Yoongi ragu menanggapi meski Jimin semata-mata bercanda. Ia memutar posisi duduknya sampai berhadapan langsung dengan Jimin dan sedikit menyandar ke sisi meja. "Kau terlihat kesulitan tidur belakangan ini."

Balasan Jimin cukup lama. Pria itu mengerjap sambil menggosok kantong matanya yang tampak lebih hitam dari sebelumnya. "Tidurku selalu nyenyak, Sweet."

"Masih memimpikan hal itu?"

Tepat sasaran. Jimin bungkam lama kemudian menghela napas dalam-dalam. Paham maksud pembicaraan Yoongi. "Tidak lagi."

"Tapi dari minggu kemarin sampai hari ini kau masih terlihat gelisah, Jimin. Melototiku setiap menit. Meminta semua pekerja di sini mengawasiku di saat kau tidak ada di rumah," Yoongi menjeda, "aku tidak punya kebebasan barang sedetik pun."

"Sayang ...." Jimin menampilkan senyum tipis. Sepasang netranya memandang teduh seraya tangannya bergerak mengusap perut Yoongi. "Mimpi itu buruk sekali."

"Iya, Jimin."

"Aku hanya sedang berusaha agar mimpi itu tidak terjadi."

"Oke, itu hanya mimpi."

"Setidaknya kupastikan kau selalu aman."

"Dan itu terlalu berlebihan."

"Karena kau tidak tahu rasanya!"

Sontak Yoongi kaku di tempat. Jimin baru saja meninggikan suaranya. Jelas, ia terkejut. Meneliti raut muka sang suami yang kini diliputi cemas. Teringat beberapa hari yang lalu ketika jarum jam masih nunjukkan pukul tujuh pagi; Jimin bersimpu di kakinya, menangis tersedu-sedu sembari meracau tidak jelas tentang si bunga tidur.

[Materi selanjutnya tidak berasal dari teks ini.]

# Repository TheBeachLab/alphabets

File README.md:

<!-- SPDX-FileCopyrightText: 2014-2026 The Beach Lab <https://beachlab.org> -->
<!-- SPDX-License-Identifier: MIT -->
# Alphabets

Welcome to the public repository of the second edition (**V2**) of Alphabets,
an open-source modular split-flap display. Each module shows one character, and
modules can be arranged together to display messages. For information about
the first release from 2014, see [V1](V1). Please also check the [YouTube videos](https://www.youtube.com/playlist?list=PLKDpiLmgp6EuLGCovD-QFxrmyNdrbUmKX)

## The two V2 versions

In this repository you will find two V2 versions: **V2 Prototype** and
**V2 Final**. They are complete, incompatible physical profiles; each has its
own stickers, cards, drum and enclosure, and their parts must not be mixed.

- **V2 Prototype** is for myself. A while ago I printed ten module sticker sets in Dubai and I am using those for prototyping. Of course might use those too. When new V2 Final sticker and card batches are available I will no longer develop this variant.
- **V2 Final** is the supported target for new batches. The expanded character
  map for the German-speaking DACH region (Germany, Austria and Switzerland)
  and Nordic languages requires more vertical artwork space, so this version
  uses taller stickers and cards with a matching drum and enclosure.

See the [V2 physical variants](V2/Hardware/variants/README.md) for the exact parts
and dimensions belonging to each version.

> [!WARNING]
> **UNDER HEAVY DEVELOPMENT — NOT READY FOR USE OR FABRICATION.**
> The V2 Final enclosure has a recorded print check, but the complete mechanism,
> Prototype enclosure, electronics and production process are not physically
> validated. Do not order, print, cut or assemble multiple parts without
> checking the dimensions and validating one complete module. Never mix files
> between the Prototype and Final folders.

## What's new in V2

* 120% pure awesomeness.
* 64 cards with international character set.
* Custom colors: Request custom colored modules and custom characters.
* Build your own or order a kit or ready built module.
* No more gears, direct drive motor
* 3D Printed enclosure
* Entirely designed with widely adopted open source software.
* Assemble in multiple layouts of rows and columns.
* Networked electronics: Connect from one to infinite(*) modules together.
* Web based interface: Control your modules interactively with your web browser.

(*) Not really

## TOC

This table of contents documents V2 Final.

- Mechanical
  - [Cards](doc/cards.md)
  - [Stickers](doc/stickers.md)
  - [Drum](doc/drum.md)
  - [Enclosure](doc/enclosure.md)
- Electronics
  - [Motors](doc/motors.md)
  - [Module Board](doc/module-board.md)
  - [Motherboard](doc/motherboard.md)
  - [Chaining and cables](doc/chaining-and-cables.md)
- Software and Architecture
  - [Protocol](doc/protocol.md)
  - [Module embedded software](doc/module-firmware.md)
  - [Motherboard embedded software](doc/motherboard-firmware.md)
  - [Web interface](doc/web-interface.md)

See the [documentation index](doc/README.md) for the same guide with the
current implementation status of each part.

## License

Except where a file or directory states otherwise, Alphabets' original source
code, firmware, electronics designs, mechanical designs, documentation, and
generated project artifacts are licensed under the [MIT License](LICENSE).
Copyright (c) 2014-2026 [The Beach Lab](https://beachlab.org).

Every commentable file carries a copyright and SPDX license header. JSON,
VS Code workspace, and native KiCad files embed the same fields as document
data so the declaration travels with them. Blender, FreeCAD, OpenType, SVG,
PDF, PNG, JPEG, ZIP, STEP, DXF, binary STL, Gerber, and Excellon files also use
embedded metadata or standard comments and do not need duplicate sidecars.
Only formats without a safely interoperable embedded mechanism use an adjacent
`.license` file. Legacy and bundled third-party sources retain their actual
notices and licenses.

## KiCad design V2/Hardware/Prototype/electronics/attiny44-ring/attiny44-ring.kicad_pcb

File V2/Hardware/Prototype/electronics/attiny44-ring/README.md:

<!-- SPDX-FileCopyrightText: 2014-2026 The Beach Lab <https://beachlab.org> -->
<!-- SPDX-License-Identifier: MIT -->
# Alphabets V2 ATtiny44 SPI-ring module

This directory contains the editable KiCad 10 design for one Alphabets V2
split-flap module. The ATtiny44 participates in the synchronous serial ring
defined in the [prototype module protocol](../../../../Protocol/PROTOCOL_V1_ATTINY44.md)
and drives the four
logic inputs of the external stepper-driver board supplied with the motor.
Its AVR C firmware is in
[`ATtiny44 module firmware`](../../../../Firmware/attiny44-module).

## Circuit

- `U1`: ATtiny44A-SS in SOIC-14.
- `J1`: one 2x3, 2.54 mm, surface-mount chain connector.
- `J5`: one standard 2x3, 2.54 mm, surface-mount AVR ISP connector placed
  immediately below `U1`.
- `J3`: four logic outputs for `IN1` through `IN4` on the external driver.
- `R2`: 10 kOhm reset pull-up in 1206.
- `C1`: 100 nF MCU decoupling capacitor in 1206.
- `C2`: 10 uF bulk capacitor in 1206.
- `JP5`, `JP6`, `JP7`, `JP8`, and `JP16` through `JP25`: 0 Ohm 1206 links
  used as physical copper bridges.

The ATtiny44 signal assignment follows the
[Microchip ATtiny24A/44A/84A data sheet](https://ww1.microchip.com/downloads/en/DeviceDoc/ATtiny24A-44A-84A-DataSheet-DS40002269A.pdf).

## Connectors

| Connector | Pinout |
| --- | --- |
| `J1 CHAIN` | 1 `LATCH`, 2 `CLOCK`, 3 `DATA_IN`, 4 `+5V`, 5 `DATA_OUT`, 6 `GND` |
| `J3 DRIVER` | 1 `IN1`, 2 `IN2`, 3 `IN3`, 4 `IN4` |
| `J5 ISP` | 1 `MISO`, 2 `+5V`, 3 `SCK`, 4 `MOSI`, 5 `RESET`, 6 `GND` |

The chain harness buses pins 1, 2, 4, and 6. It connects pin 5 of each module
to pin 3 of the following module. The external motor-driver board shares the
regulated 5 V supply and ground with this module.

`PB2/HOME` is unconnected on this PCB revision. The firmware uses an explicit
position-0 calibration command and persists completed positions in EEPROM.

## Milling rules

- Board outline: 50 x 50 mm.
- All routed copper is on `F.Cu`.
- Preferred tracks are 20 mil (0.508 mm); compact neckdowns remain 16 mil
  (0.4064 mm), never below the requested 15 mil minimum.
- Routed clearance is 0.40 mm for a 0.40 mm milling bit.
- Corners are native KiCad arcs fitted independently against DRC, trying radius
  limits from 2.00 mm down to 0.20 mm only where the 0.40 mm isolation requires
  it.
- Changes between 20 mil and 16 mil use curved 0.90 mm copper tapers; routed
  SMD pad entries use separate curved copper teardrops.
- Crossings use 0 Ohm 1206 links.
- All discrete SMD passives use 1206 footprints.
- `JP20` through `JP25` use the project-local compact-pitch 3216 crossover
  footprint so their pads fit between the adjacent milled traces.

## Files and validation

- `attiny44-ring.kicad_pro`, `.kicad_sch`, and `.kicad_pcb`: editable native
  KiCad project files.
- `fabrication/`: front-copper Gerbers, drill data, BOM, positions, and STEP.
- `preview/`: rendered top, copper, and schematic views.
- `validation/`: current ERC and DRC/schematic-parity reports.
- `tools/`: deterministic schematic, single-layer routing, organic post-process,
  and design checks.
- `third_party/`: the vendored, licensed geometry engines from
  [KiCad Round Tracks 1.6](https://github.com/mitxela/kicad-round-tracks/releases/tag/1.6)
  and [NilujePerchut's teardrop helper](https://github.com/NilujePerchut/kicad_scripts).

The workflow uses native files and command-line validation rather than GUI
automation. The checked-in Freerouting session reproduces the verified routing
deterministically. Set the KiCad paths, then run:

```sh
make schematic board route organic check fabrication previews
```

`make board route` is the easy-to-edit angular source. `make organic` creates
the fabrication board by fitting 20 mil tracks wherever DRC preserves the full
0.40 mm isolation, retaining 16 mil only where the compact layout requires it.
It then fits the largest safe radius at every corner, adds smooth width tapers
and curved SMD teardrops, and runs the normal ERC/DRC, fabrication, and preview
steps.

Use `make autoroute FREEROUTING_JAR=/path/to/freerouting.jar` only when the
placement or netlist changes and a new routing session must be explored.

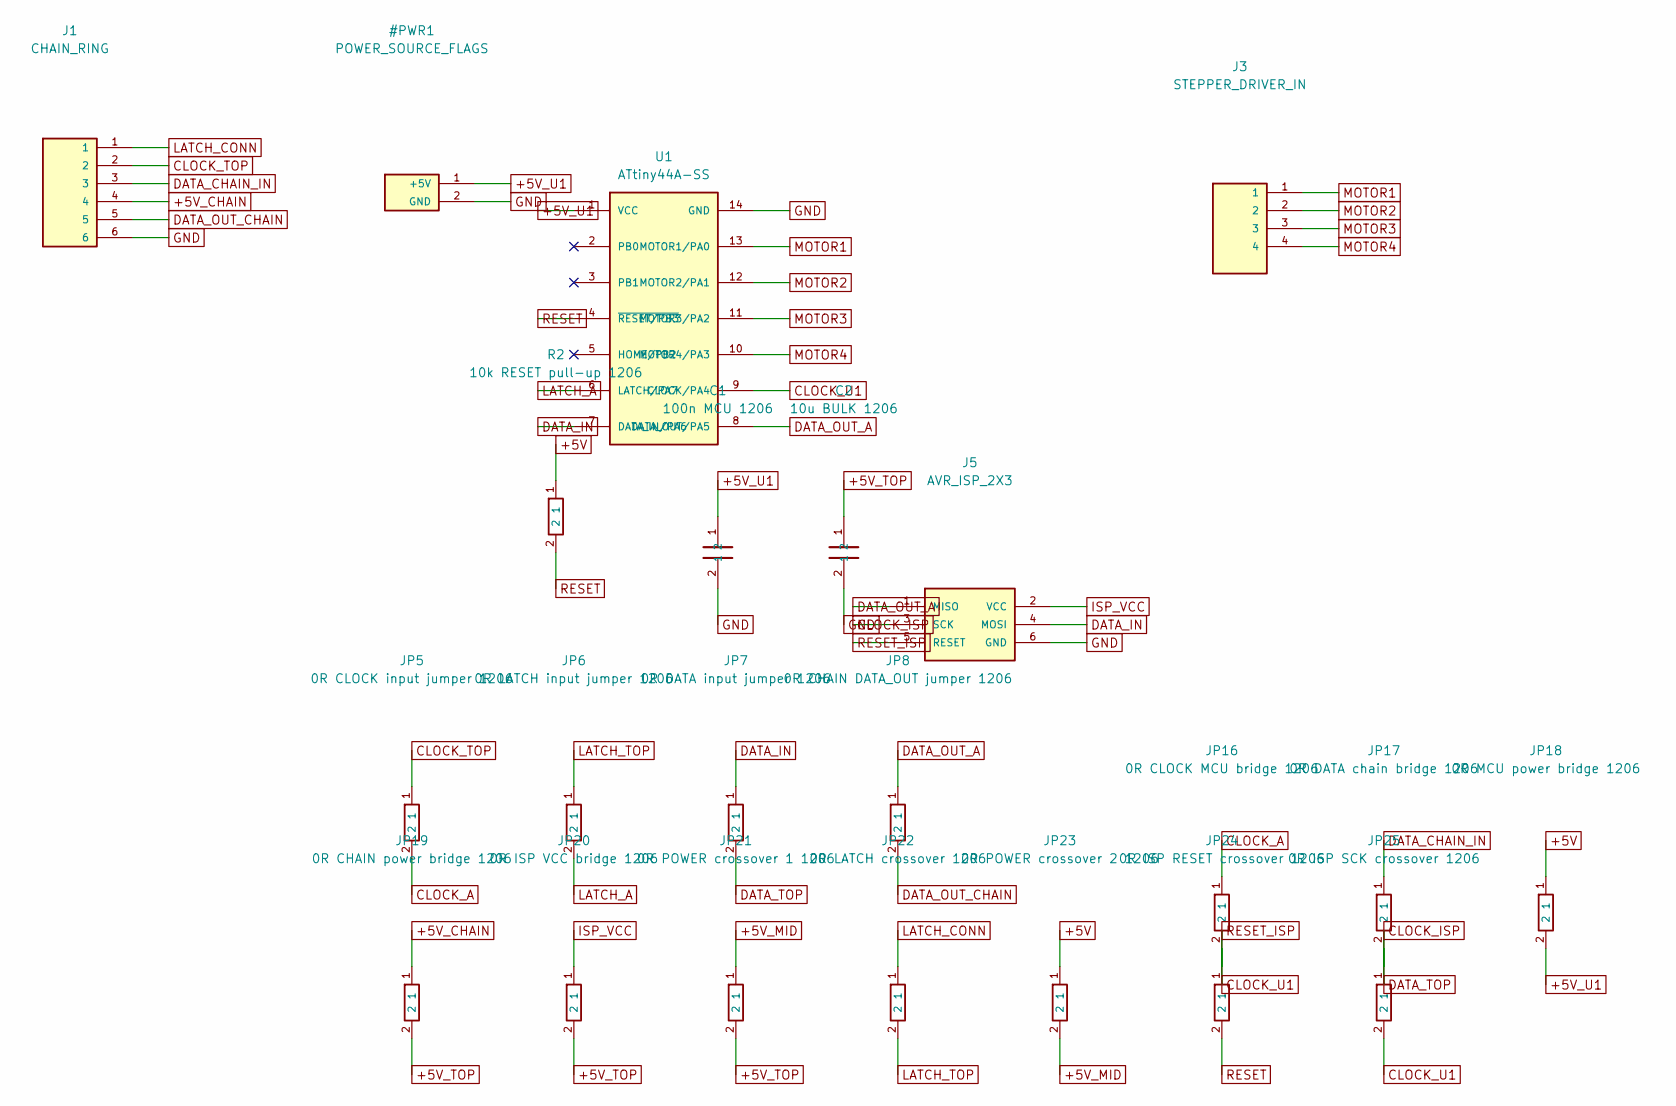
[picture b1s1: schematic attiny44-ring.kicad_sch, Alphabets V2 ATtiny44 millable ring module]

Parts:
C1: 100n MCU 1206; C_1206_3216Metric_Pad1.33x1.80mm_HandSolder
C2: 10u BULK 1206; C_1206_3216Metric_Pad1.33x1.80mm_HandSolder
J1: CHAIN_RING; PinHeader_2x03_P2.54mm_Vertical_SMD
J3: STEPPER_DRIVER_IN; PinHeader_1x04_P2.54mm_Vertical_SMD_Pin1Left
J5: AVR_ISP_2X3; PinHeader_2x03_P2.54mm_Vertical_SMD
JP5: 0R CLOCK input jumper 1206; R_1206_3216Metric_Pad1.30x1.75mm_HandSolder
JP6: 0R LATCH input jumper 1206; R_1206_3216Metric_Pad1.30x1.75mm_HandSolder
JP7: 0R DATA input jumper 1206; R_1206_3216Metric_Pad1.30x1.75mm_HandSolder
JP8: 0R CHAIN DATA_OUT jumper 1206; R_1206_3216Metric_Pad1.30x1.75mm_HandSolder
JP16: 0R CLOCK MCU bridge 1206; R_1206_3216Metric_Pad1.30x1.75mm_HandSolder
JP17: 0R DATA chain bridge 1206; R_1206_3216Metric_Pad1.30x1.75mm_HandSolder
JP18: 0R MCU power bridge 1206; R_1206_3216Metric_Pad1.30x1.75mm_HandSolder
JP19: 0R CHAIN power bridge 1206; R_1206_3216Metric_Pad1.30x1.75mm_HandSolder
JP20: 0R ISP VCC bridge 1206; R_1206_3216Metric_CompactCrossover
JP21: 0R POWER crossover 1 1206; R_1206_3216Metric_CompactCrossover
JP22: 0R LATCH crossover 1206; R_1206_3216Metric_CompactCrossover
JP23: 0R POWER crossover 2 1206; R_1206_3216Metric_CompactCrossover
JP24: 0R ISP RESET crossover 1206; R_1206_3216Metric_CompactCrossover
JP25: 0R ISP SCK crossover 1206; R_1206_3216Metric_CompactCrossover
R2: 10k RESET pull-up 1206; R_1206_3216Metric_Pad1.30x1.75mm_HandSolder
U1: ATtiny44A-SS; SOIC-14_3.9x8.7mm_P1.27mm

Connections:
+5V: JP18.1, JP23.1, R2.1
+5V_CHAIN: J1.4, JP19.1
+5V_MID: JP21.1, JP23.2
+5V_TOP: C2.1, JP19.2, JP20.2, JP21.2
CLOCK_A: JP5.2, JP16.1
CLOCK_ISP: J5.3 (SCK), JP25.1
CLOCK_TOP: J1.2, JP5.1
CLOCK_U1: JP16.2, JP25.2, U1.9 (CLOCK/PA4)
DATA_CHAIN_IN: J1.3, JP17.1
DATA_IN: J5.4 (MOSI), JP7.1, U1.7 (DATA_IN/PA6)
DATA_OUT_A: J5.1 (MISO), JP8.1, U1.8 (DATA_OUT/PA5)
DATA_OUT_CHAIN: J1.5, JP8.2
DATA_TOP: JP7.2, JP17.2
ISP_VCC: J5.2 (VCC), JP20.1
LATCH_A: JP6.2, U1.6 (LATCH/PA7)
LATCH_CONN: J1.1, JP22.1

"Semuanya di sini, Yoon." Jimin menekan-nekan tempurung kepalanya sendiri. Mimpi kurang ujar itu sulit dilupakan. Ia menatap Yoongi penuh tuntutan. "Aku melihat jelas, kau ...."

Ucapannya terhenti, Jimin meneguk getir di kerongkongan. Sekelumit pahit ada di sorot matanya, merasa tercubit saat Yoongi secara tak langsung berkata usahanya dalam menjaga seolah sia-sia.

"Aku memastikan kau dan si bayi aman. Kalau sampai aku kehilangan kalian ...." Netranya meredup bersamaan sedikit genangan air. "Aku benar-benar takkan memaafkan diriku sendiri."

Pada dasarnya, Yoongi mengerti. Ekspresi kusut, kekhawatiran, dan semua perlakuan Jimin yang seperti kekangan untuk memastikan ia dan gumpalan daging di perutnya baik-baik saja. Maka dari itu, ia memberanikan diri mengambil kedua tangan Jimin. Dikecupi setiap buku-buku jari sambil menyatukan tatapan mereka.

"Aku paham tujuanmu." Tersenyum lebar hingga gusinya terlihat. Lalu melanjutkan dengan mengusap-usap punggung tangan Jimin. "Bukan bermaksud menyepelekan, tapi kalau boleh jujur ... aku kurang nyaman."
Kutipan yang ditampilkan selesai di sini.